Local minimax learning of functions with best finite sample estimation error bounds: applications to ridge and lasso regression, boosting, tree learning, kernel machines, and inverse problems

  • Authors:
  • Lee K. Jones

  • Affiliations:
  • Department of Mathematical Sciences, University of Massachusetts, Lowell, MA

  • Venue:
  • IEEE Transactions on Information Theory
  • Year:
  • 2009

Quantified Score

Hi-index 754.84

Visualization

Abstract

Optimal local estimation is formulated in the minimax sense for inverse problems and nonlinear regression. This theory provides best mean squared finite sample error bounds for some popular statistical learning algorithms and also for several optimal improvements of other existing learning algorithms such as smoothing splines and kernel regularization. The bounds and improved algorithms are not based on asymptotics or Bayesian assumptions and are truly local for each query, not depending on cross validating estimates at other queries to optimize modeling parameters. Results are given for optimal local learning of approximately linear functions with side information (context) using real algebraic geometry.
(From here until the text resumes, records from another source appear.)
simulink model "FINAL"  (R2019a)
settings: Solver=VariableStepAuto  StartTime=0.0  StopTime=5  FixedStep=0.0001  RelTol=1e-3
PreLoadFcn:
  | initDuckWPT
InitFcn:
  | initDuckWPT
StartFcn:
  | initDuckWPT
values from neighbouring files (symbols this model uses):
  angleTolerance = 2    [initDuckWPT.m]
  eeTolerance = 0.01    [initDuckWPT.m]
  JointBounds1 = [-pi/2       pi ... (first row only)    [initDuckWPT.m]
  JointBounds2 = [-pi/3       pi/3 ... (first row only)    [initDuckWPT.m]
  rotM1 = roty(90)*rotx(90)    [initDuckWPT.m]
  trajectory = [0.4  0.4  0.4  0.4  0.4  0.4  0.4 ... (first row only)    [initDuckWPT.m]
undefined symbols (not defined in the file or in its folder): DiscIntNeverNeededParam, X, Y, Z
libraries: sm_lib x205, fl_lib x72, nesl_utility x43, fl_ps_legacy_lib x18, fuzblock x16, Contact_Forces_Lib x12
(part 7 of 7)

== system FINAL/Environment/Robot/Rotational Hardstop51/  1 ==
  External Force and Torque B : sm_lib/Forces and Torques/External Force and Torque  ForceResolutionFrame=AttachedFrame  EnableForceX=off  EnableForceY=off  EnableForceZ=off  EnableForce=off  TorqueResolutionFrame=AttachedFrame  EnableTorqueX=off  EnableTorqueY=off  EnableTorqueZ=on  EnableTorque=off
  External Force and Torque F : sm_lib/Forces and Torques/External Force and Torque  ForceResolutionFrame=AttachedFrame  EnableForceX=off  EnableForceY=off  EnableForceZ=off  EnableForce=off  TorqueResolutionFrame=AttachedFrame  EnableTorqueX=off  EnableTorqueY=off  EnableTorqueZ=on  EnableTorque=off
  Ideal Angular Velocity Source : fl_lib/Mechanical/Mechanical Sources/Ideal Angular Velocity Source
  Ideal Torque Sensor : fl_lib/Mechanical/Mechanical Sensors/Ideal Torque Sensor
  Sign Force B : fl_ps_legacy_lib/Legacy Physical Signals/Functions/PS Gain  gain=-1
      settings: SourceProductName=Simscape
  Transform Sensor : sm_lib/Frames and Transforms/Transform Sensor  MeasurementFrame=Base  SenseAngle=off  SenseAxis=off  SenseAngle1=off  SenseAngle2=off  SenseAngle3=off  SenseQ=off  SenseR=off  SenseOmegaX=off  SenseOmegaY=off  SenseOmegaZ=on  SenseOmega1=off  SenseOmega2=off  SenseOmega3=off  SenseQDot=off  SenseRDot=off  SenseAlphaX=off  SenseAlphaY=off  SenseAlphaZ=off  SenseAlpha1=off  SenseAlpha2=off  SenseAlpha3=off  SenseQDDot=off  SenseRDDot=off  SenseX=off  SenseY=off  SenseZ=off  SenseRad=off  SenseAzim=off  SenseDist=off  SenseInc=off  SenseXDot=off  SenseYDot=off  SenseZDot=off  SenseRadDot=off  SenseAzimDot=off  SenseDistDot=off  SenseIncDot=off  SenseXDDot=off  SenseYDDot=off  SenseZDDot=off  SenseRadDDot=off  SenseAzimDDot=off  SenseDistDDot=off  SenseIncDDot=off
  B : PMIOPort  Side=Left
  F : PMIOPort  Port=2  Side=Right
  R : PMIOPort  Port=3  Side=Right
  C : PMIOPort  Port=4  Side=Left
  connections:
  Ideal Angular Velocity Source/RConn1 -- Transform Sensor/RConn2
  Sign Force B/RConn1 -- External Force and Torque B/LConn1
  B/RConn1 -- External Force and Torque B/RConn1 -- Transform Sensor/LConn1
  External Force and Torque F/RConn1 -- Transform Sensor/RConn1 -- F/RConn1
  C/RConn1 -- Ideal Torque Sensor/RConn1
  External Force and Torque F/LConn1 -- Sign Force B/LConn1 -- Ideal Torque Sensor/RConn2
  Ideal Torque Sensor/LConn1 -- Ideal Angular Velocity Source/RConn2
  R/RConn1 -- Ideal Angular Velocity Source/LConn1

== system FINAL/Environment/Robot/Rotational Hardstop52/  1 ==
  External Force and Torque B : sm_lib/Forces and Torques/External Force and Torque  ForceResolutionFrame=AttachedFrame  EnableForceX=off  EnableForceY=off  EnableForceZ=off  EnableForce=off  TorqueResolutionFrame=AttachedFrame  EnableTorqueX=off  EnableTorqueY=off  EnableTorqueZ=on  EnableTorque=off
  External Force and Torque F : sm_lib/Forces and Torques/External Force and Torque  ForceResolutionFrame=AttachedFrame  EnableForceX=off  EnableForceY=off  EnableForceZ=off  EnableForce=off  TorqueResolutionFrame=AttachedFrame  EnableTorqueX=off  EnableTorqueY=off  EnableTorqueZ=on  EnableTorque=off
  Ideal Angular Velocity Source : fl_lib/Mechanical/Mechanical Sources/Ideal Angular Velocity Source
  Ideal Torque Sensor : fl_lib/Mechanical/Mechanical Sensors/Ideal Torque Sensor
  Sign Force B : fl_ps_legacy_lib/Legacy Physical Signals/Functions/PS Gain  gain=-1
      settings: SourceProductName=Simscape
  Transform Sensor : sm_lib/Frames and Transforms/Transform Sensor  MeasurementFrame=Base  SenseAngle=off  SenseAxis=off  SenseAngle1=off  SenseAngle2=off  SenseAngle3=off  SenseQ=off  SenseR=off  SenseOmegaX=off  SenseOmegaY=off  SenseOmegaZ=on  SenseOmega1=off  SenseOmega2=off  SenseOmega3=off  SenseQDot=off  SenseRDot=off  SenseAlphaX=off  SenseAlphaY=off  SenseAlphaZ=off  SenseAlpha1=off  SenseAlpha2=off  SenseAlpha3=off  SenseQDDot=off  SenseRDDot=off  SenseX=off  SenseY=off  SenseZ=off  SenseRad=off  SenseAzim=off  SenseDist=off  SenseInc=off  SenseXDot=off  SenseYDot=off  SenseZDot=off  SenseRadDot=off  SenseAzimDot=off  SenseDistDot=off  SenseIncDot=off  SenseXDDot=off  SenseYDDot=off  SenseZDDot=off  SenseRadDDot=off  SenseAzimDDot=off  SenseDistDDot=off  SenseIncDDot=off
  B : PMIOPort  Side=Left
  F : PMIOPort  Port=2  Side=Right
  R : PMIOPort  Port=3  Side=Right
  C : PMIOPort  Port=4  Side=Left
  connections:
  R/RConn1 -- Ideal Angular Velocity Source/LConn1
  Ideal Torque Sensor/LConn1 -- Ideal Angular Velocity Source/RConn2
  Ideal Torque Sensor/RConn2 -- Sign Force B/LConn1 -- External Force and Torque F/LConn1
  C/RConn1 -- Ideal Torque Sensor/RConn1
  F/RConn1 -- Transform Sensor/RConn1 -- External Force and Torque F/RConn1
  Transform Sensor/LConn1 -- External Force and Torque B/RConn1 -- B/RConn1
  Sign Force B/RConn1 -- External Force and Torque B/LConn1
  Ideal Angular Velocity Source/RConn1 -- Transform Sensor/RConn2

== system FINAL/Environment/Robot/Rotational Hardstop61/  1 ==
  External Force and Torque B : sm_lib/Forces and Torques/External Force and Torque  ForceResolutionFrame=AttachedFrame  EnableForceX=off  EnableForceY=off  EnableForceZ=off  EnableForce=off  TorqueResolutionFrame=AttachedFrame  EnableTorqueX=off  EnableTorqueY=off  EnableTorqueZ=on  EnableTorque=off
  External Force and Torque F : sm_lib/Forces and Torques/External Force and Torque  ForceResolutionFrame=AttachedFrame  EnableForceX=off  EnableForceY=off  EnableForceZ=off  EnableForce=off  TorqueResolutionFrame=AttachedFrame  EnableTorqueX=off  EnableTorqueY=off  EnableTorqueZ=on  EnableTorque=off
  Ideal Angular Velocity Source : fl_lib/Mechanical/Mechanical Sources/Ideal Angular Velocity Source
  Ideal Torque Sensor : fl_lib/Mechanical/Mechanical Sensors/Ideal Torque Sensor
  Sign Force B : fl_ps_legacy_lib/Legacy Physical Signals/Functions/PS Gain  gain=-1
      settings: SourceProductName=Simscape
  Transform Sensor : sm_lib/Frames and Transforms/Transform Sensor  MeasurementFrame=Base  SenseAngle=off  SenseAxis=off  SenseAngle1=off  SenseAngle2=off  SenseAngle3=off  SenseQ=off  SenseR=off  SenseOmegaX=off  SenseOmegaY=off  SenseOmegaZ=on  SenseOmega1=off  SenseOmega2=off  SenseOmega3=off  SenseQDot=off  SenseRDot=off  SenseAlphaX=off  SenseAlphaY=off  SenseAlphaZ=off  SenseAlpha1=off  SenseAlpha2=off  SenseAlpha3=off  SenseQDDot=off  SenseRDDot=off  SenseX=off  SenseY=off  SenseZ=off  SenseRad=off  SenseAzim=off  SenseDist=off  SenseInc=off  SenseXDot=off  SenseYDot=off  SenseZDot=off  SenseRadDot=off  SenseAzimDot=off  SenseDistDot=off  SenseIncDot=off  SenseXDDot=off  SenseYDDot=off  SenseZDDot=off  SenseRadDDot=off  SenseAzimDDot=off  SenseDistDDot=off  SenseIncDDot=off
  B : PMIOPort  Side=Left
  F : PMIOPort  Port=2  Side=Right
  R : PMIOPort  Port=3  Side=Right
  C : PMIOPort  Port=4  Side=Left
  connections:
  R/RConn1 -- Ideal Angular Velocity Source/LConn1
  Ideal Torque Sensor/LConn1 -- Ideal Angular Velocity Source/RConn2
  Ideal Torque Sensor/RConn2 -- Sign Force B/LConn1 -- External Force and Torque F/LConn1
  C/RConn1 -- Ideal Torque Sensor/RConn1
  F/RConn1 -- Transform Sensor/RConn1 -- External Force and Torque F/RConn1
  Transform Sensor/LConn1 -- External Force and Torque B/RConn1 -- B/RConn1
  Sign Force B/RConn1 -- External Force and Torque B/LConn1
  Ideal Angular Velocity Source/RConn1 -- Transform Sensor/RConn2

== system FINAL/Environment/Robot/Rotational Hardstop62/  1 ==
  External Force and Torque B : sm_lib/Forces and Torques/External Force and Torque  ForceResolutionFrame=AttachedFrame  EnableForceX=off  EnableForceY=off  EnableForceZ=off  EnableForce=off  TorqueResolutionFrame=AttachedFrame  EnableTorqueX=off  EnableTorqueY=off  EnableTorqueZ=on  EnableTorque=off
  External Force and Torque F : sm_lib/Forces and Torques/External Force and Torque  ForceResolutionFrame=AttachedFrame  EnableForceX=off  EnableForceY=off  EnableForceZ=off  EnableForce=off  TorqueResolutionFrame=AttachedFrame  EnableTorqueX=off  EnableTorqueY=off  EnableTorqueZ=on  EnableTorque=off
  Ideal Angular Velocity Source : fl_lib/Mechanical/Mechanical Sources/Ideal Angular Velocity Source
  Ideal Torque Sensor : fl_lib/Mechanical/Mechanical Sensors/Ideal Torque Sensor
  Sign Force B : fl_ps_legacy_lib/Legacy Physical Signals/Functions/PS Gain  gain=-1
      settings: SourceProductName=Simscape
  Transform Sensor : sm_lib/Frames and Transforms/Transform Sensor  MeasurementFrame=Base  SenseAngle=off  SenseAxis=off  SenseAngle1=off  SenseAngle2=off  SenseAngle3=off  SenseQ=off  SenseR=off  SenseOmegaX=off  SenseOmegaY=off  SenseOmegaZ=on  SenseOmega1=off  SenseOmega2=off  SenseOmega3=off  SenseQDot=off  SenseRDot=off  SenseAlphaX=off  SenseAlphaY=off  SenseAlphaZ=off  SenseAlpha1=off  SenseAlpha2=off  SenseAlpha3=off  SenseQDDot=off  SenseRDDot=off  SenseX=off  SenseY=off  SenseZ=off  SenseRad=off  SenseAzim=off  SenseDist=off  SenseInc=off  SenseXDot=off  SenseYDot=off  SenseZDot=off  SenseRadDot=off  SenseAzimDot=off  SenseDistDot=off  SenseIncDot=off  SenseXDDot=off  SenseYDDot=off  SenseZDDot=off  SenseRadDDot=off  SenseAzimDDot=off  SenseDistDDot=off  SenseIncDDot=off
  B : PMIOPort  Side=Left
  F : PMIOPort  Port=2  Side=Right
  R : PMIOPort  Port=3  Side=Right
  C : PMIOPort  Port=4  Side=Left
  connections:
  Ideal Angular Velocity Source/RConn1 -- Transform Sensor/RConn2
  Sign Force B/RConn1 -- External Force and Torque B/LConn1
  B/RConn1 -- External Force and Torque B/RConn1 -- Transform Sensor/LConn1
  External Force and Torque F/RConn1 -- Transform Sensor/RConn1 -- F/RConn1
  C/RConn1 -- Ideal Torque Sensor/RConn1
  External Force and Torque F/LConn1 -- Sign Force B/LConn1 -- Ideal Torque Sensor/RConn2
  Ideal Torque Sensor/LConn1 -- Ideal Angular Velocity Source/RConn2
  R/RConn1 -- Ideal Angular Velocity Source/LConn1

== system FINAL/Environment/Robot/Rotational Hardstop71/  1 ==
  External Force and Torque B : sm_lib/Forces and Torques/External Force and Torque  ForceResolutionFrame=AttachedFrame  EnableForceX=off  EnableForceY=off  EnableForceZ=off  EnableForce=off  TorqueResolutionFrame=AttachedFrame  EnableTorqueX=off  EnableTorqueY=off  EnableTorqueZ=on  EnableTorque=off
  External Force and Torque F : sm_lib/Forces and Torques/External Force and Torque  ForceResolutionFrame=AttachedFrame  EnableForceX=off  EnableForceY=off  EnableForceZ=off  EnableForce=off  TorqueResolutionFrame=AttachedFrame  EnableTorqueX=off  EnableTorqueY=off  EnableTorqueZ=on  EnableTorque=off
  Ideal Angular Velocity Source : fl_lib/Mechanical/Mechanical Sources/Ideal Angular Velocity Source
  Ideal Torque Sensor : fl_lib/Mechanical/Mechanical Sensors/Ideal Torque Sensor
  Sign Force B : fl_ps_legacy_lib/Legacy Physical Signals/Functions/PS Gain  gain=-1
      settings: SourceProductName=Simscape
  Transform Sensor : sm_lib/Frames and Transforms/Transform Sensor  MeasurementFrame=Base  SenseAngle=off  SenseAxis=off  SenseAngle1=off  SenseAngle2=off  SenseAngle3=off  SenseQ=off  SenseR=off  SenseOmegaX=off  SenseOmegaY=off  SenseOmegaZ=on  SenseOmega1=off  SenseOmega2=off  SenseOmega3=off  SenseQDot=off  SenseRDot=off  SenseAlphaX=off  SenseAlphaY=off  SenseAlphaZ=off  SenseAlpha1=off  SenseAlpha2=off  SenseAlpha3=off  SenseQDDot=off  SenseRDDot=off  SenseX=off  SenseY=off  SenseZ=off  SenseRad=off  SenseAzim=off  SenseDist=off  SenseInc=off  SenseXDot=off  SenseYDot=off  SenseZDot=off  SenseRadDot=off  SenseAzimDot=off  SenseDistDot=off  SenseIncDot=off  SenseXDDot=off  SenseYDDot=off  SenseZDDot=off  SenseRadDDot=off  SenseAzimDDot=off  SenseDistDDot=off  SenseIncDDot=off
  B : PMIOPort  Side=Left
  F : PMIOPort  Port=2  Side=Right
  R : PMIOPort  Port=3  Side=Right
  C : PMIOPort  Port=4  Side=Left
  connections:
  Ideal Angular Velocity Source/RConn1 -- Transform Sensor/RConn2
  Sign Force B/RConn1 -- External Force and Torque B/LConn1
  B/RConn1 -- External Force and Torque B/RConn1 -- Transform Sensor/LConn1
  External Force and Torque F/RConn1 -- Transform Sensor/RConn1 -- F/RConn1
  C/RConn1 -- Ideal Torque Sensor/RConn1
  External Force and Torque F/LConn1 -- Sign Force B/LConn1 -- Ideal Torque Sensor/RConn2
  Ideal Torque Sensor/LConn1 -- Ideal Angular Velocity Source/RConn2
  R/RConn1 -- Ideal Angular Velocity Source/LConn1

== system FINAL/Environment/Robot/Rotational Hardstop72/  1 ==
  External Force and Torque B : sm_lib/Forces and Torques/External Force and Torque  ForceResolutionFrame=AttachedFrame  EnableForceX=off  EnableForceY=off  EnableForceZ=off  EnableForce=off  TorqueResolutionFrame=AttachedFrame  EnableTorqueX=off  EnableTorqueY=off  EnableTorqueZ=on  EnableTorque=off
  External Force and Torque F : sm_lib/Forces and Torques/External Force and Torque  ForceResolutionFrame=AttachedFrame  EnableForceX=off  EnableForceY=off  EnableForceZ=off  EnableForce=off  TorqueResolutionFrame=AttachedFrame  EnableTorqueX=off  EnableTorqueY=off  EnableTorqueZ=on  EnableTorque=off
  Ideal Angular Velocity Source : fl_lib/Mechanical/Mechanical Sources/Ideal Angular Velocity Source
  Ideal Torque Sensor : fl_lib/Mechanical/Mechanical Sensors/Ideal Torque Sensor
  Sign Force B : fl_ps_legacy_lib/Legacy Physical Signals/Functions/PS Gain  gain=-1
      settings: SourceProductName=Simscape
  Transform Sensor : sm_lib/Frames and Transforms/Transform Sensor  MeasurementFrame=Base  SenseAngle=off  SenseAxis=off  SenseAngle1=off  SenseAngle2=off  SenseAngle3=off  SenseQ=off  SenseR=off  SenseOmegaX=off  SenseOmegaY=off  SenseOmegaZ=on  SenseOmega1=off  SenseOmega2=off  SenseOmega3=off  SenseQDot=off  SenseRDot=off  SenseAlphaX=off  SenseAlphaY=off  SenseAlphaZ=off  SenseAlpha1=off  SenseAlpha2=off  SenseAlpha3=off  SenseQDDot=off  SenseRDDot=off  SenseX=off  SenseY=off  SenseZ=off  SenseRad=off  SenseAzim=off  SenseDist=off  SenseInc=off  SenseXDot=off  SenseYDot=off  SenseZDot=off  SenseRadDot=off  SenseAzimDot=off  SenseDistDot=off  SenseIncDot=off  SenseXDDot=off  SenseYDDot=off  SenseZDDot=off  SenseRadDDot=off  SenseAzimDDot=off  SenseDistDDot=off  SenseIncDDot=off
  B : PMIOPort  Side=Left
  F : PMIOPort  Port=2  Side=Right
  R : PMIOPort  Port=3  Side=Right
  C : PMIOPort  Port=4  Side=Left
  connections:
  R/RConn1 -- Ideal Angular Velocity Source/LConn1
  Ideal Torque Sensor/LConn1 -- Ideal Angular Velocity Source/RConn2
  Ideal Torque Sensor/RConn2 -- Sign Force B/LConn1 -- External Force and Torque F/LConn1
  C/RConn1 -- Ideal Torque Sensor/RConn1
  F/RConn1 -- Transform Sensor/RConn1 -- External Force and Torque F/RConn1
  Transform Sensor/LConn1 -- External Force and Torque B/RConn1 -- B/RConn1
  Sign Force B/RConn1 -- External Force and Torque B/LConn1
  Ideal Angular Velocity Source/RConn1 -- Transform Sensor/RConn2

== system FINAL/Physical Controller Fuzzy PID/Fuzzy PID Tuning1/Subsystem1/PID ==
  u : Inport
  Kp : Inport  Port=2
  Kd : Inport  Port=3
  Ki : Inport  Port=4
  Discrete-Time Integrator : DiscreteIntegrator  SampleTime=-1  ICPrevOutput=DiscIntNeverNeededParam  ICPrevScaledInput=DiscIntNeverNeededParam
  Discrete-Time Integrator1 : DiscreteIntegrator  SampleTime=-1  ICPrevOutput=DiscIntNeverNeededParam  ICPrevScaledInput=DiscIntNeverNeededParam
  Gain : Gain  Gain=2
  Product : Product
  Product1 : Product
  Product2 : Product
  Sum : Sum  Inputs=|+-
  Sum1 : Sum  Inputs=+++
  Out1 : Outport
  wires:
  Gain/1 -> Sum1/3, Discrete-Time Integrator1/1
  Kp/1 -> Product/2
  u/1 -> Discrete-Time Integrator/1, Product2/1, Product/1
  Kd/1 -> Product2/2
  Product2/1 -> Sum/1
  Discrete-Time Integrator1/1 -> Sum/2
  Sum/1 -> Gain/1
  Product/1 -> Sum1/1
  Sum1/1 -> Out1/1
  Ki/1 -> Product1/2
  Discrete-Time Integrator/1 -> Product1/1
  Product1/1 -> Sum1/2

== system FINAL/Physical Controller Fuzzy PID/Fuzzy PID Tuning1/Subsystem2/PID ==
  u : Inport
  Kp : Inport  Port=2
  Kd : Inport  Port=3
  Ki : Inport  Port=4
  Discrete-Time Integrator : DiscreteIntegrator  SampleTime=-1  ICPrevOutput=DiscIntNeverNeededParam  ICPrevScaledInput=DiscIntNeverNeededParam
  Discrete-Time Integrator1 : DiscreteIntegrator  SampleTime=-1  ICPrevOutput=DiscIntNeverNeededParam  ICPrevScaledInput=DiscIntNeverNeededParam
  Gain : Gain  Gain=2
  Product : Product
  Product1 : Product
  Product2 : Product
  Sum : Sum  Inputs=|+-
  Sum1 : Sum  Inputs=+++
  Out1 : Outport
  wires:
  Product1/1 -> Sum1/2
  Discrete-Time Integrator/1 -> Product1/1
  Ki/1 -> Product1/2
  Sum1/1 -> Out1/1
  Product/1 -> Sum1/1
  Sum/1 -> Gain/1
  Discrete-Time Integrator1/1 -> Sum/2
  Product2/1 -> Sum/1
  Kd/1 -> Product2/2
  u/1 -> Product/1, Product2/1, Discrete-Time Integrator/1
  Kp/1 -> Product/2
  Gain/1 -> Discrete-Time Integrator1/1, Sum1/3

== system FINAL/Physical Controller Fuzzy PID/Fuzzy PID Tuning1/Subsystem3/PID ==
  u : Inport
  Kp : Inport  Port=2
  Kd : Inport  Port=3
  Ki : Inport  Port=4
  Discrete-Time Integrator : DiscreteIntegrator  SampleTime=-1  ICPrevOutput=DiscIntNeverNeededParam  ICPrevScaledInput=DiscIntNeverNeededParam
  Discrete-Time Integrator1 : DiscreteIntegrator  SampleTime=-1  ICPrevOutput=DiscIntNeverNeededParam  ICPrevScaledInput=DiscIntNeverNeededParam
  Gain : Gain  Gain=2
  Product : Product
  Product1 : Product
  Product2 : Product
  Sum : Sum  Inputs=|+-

In particular, finite sample error bounds are given for ridge regression and for a local version of lasso regression. The new regression methods require only quadratic programming with linear or quadratic inequality constraints for implementation. Greedy additive expansions are then combined with local minimax learning via a change in metric. An optimal strategy is presented for fusing the local minimax estimators of a class of experts--providing optimal finite sample prediction error bounds from (random) forests. Local minimax learning is extended to kernel machines. Best local prediction error bounds for finite samples are given for Tikhonov regularization. The geometry of reproducing kernel Hilbert space is used to derive improved estimators with finite sample mean squared error (MSE) bounds for class membership probability in two class pattern classification problems. A purely local, cross validation free algorithm is proposed which uses Fisher information with these bounds to determine best local kernel shape in vector machine learning. Finally, a locally quadratic solution to the finite Fourier moments problem is presented. After reading the first three sections the reader may proceed directly to any of the subsequent applications sections.